彼はなぜ、完全菜食主義者にしてウルトラマラソンの王者に君臨し続けたのか?ベストセラー『BORN TO RUN』に登場し、世界中のランナーを魅了しつづけるランニング界の「生ける伝説」が初めて明かす、食べること、走ること、そして生きること。極限を求め続けたランナーの魂の彷徨、ニューヨークタイムズ・ベストセラー!

EAT&RUN : スコット・ジュレク, スティーヴ・フリードマン, 小原 久典, 北村 ポーリン

すごい人の話。

結論から書くと私もウルトラマラソンをまた走ろうと決めた。走りたい気持ちに火がついた。

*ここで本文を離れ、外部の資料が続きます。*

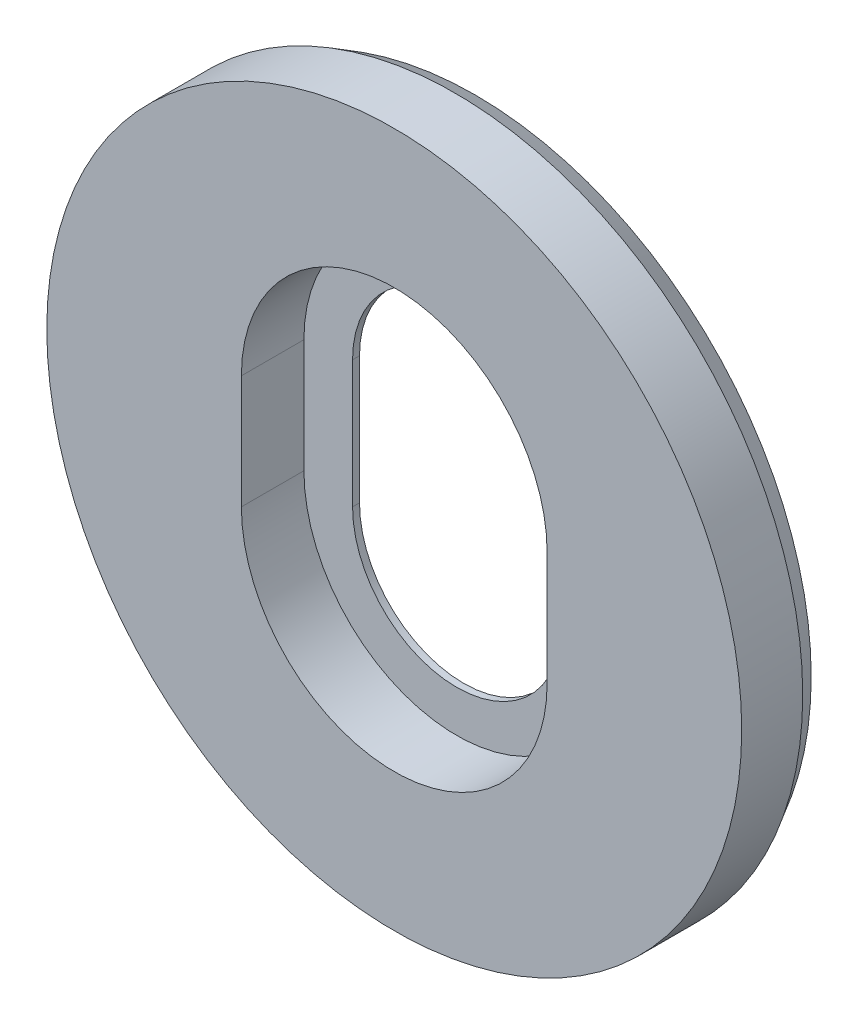
ISO-10303-21;
HEADER;
FILE_DESCRIPTION(('STEP AP214'),'2;1');
FILE_NAME('part.step','',(''),(''),'','','');
FILE_SCHEMA(('AUTOMOTIVE_DESIGN { 1 0 10303 214 1 1 1 1 }'));
ENDSEC;
DATA;
#1=APPLICATION_CONTEXT('core data for automotive mechanical design processes');
#2=APPLICATION_PROTOCOL_DEFINITION('international standard','automotive_design',2000,#1);
#3=PRODUCT_CONTEXT('',#1,'mechanical');
#4=PRODUCT('Part','Part','',(#3));
#5=PRODUCT_RELATED_PRODUCT_CATEGORY('part','',(#4));
#6=PRODUCT_DEFINITION_FORMATION('','',#4);
#7=PRODUCT_DEFINITION_CONTEXT('part definition',#1,'design');
#8=PRODUCT_DEFINITION('design','',#6,#7);
#9=PRODUCT_DEFINITION_SHAPE('','',#8);
#10=(LENGTH_UNIT() NAMED_UNIT(*) SI_UNIT(.MILLI.,.METRE.));
#11=(NAMED_UNIT(*) PLANE_ANGLE_UNIT() SI_UNIT($,.RADIAN.));
#12=(NAMED_UNIT(*) SI_UNIT($,.STERADIAN.) SOLID_ANGLE_UNIT());
#13=UNCERTAINTY_MEASURE_WITH_UNIT(LENGTH_MEASURE(1.E-05),#10,'distance_accuracy_value','');
#14=(GEOMETRIC_REPRESENTATION_CONTEXT(3) GLOBAL_UNCERTAINTY_ASSIGNED_CONTEXT((#13)) GLOBAL_UNIT_ASSIGNED_CONTEXT((#10,
#11,#12)) REPRESENTATION_CONTEXT('',''));
#15=CARTESIAN_POINT('',(0.,0.,0.));
#16=DIRECTION('',(0.,0.,1.));
#17=DIRECTION('',(1.,0.,0.));
#18=AXIS2_PLACEMENT_3D('',#15,#16,#17);
#19=CARTESIAN_POINT('',(0.,2.75,3.5));
#20=DIRECTION('',(0.,0.,-1.));
#21=DIRECTION('',(-1.,0.,0.));
#22=AXIS2_PLACEMENT_3D('',#19,#20,#21);
#23=CYLINDRICAL_SURFACE('',#22,4.5);
#24=DIRECTION('',(0.,0.,-1.));
#25=VECTOR('',#24,1.);
#26=CARTESIAN_POINT('',(-4.5,2.75,3.5));
#27=LINE('',#26,#25);
#28=CARTESIAN_POINT('',(-4.5,2.75,0.8));
#29=VERTEX_POINT('',#28);
#30=CARTESIAN_POINT('',(-4.5,2.75,0.499999999999994));
#31=VERTEX_POINT('',#30);
#32=EDGE_CURVE('E175',#29,#31,#27,.T.);
#33=ORIENTED_EDGE('',*,*,#32,.T.);
#34=CARTESIAN_POINT('',(0.,2.75,0.499999999999994));
#35=DIRECTION('',(0.,0.,1.));
#36=DIRECTION('',(1.,0.,0.));
#37=AXIS2_PLACEMENT_3D('',#34,#35,#36);
#38=CIRCLE('',#37,4.5);
#39=CARTESIAN_POINT('',(4.5,2.75,0.499999999999994));
#40=VERTEX_POINT('',#39);
#41=EDGE_CURVE('E48',#31,#40,#38,.F.);
#42=ORIENTED_EDGE('',*,*,#41,.T.);
#43=DIRECTION('',(0.,0.,-1.));
#44=VECTOR('',#43,1.);
#45=CARTESIAN_POINT('',(4.5,2.75,3.5));
#46=LINE('',#45,#44);
#47=CARTESIAN_POINT('',(4.5,2.75,0.8));
#48=VERTEX_POINT('',#47);
#49=EDGE_CURVE('E168',#48,#40,#46,.T.);
#50=ORIENTED_EDGE('',*,*,#49,.F.);
#51=CARTESIAN_POINT('',(0.,2.75,0.8));
#52=DIRECTION('',(0.,0.,1.));
#53=DIRECTION('',(1.,0.,0.));
#54=AXIS2_PLACEMENT_3D('',#51,#52,#53);
#55=CIRCLE('',#54,4.5);
#56=EDGE_CURVE('E165',#48,#29,#55,.T.);
#57=ORIENTED_EDGE('',*,*,#56,.T.);
#58=EDGE_LOOP('',(#33,#42,#50,#57));
#59=FACE_BOUND('',#58,.T.);
#60=ADVANCED_FACE('F39',(#59),#23,.F.);
#61=CARTESIAN_POINT('',(-4.5,2.75,3.5));
#62=DIRECTION('',(1.,0.,0.));
#63=DIRECTION('',(0.,1.,0.));
#64=AXIS2_PLACEMENT_3D('',#61,#62,#63);
#65=PLANE('',#64);
#66=DIRECTION('',(0.,0.,-1.));
#67=VECTOR('',#66,1.);
#68=CARTESIAN_POINT('',(-4.5,-2.75,3.5));
#69=LINE('',#68,#67);
#70=CARTESIAN_POINT('',(-4.5,-2.75,0.8));
#71=VERTEX_POINT('',#70);
#72=CARTESIAN_POINT('',(-4.5,-2.75,0.499999999999994));
#73=VERTEX_POINT('',#72);
#74=EDGE_CURVE('E173',#71,#73,#69,.T.);
#75=ORIENTED_EDGE('',*,*,#74,.T.);
#76=DIRECTION('',(0.,1.,0.));
#77=VECTOR('',#76,1.);
#78=CARTESIAN_POINT('',(-4.5,2.75,0.499999999999994));
#79=LINE('',#78,#77);
#80=EDGE_CURVE('E56',#73,#31,#79,.T.);
#81=ORIENTED_EDGE('',*,*,#80,.T.);
#82=ORIENTED_EDGE('',*,*,#32,.F.);
#83=DIRECTION('',(0.,-1.,0.));
#84=VECTOR('',#83,1.);
#85=CARTESIAN_POINT('',(-4.5,2.75,0.8));
#86=LINE('',#85,#84);
#87=EDGE_CURVE('E162',#29,#71,#86,.T.);
#88=ORIENTED_EDGE('',*,*,#87,.T.);
#89=EDGE_LOOP('',(#75,#81,#82,#88));
#90=FACE_BOUND('',#89,.T.);
#91=ADVANCED_FACE('F241',(#90),#65,.T.);
#92=CARTESIAN_POINT('',(0.,-2.75,3.5));
#93=DIRECTION('',(0.,0.,-1.));
#94=DIRECTION('',(-1.,0.,0.));
#95=AXIS2_PLACEMENT_3D('',#92,#93,#94);
#96=CYLINDRICAL_SURFACE('',#95,4.5);
#97=DIRECTION('',(0.,0.,-1.));
#98=VECTOR('',#97,1.);
#99=CARTESIAN_POINT('',(4.5,-2.75,3.5));
#100=LINE('',#99,#98);
#101=CARTESIAN_POINT('',(4.5,-2.75,0.8));
#102=VERTEX_POINT('',#101);
#103=CARTESIAN_POINT('',(4.5,-2.75,0.499999999999994));
#104=VERTEX_POINT('',#103);
#105=EDGE_CURVE('E171',#102,#104,#100,.T.);
#106=ORIENTED_EDGE('',*,*,#105,.T.);
#107=CARTESIAN_POINT('',(0.,-2.75,0.499999999999994));
#108=DIRECTION('',(0.,0.,1.));
#109=DIRECTION('',(1.,0.,0.));
#110=AXIS2_PLACEMENT_3D('',#107,#108,#109);
#111=CIRCLE('',#110,4.5);
#112=EDGE_CURVE('E64',#104,#73,#111,.F.);
#113=ORIENTED_EDGE('',*,*,#112,.T.);
#114=ORIENTED_EDGE('',*,*,#74,.F.);
#115=CARTESIAN_POINT('',(0.,-2.75,0.8));
#116=DIRECTION('',(0.,0.,1.));
#117=DIRECTION('',(1.,0.,0.));
#118=AXIS2_PLACEMENT_3D('',#115,#116,#117);
#119=CIRCLE('',#118,4.5);
#120=EDGE_CURVE('E158',#71,#102,#119,.T.);
#121=ORIENTED_EDGE('',*,*,#120,.T.);
#122=EDGE_LOOP('',(#106,#113,#114,#121));
#123=FACE_BOUND('',#122,.T.);
#124=ADVANCED_FACE('F247',(#123),#96,.F.);
#125=CARTESIAN_POINT('',(4.5,2.75,3.5));
#126=DIRECTION('',(-1.,0.,0.));
#127=DIRECTION('',(0.,-1.,0.));
#128=AXIS2_PLACEMENT_3D('',#125,#126,#127);
#129=PLANE('',#128);
#130=ORIENTED_EDGE('',*,*,#49,.T.);
#131=DIRECTION('',(0.,-1.,0.));
#132=VECTOR('',#131,1.);
#133=CARTESIAN_POINT('',(4.5,-2.75,0.499999999999994));
#134=LINE('',#133,#132);
#135=EDGE_CURVE('E195',#40,#104,#134,.T.);
#136=ORIENTED_EDGE('',*,*,#135,.T.);
#137=ORIENTED_EDGE('',*,*,#105,.F.);
#138=DIRECTION('',(0.,1.,0.));
#139=VECTOR('',#138,1.);
#140=CARTESIAN_POINT('',(4.5,2.75,0.8));
#141=LINE('',#140,#139);
#142=EDGE_CURVE('E180',#102,#48,#141,.T.);
#143=ORIENTED_EDGE('',*,*,#142,.T.);
#144=EDGE_LOOP('',(#130,#136,#137,#143));
#145=FACE_BOUND('',#144,.T.);
#146=ADVANCED_FACE('F253',(#145),#129,.T.);
#147=CARTESIAN_POINT('',(0.,0.,3.5));
#148=DIRECTION('',(0.,0.,1.));
#149=DIRECTION('',(1.,0.,0.));
#150=AXIS2_PLACEMENT_3D('',#147,#148,#149);
#151=PLANE('',#150);
#152=CARTESIAN_POINT('',(0.,2.45,3.5));
#153=DIRECTION('',(0.,0.,1.));
#154=DIRECTION('',(1.,0.,0.));
#155=AXIS2_PLACEMENT_3D('',#152,#153,#154);
#156=CIRCLE('',#155,6.6);
#157=CARTESIAN_POINT('',(6.6,2.45000000000001,3.5));
#158=VERTEX_POINT('',#157);
#159=CARTESIAN_POINT('',(-6.6,2.45000000000001,3.5));
#160=VERTEX_POINT('',#159);
#161=EDGE_CURVE('E142',#158,#160,#156,.T.);
#162=ORIENTED_EDGE('',*,*,#161,.F.);
#163=DIRECTION('',(0.,1.,0.));
#164=VECTOR('',#163,1.);
#165=CARTESIAN_POINT('',(6.6,2.45000000000001,3.5));
#166=LINE('',#165,#164);
#167=CARTESIAN_POINT('',(6.6,-2.45000000000001,3.5));
#168=VERTEX_POINT('',#167);
#169=EDGE_CURVE('E147',#168,#158,#166,.T.);
#170=ORIENTED_EDGE('',*,*,#169,.F.);
#171=CARTESIAN_POINT('',(0.,-2.45,3.5));
#172=DIRECTION('',(0.,0.,1.));
#173=DIRECTION('',(1.,0.,0.));
#174=AXIS2_PLACEMENT_3D('',#171,#172,#173);
#175=CIRCLE('',#174,6.6);
#176=CARTESIAN_POINT('',(-6.60000000000001,-2.45000000000001,3.5));
#177=VERTEX_POINT('',#176);
#178=EDGE_CURVE('E126',#177,#168,#175,.T.);
#179=ORIENTED_EDGE('',*,*,#178,.F.);
#180=DIRECTION('',(0.,-1.,0.));
#181=VECTOR('',#180,1.);
#182=CARTESIAN_POINT('',(-6.6,2.45000000000001,3.5));
#183=LINE('',#182,#181);
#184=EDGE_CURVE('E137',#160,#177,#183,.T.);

私は数年前に88kmの村岡ダブルフルウルトラランニングというウルトラマラソンに参加したことがある。なんとか制限時間内にゴールし、ゴール直前には思いがけず涙が溢れるほど大きな達成感を得た。しかし初挑戦ということもありタイムは散々で心残りがあるのだ。

村岡ダブルフルはアップダウンが激しく上りの合計が2,500mもある過酷な部類のレースで、レースの後半5時間ぐらいはずっと
「(自分からリタイヤはしたくないので)車にひかれたい」「イノシシに襲われたい」「崖くずれに少しだけ当たりたい」
というのを心の中で唱え続けていた。今回また出たいなと思えたのは、単にあの時の出場しなければよかったという気持ちをわすれているからかもしれない。

本書で印象に残ったのは友人ダスティの話だ。このダスティという人は本当に実在したのだろうか。それぐらいスコット・ジュレクとの補完関係が見事でおもしろい。今は交流が減ってしまっているようだが、それでも学生の頃からの付き合いで、ウルトラのペーサーを何度も勤めるぐらいの交友関係というのは羨ましい。

ビーガン(完全菜食主義)やウルトラマラソンに興味のある人、BORN TO RUNにも出てきている人なので、そちらを読んだ人にはもちろんオススメの一冊。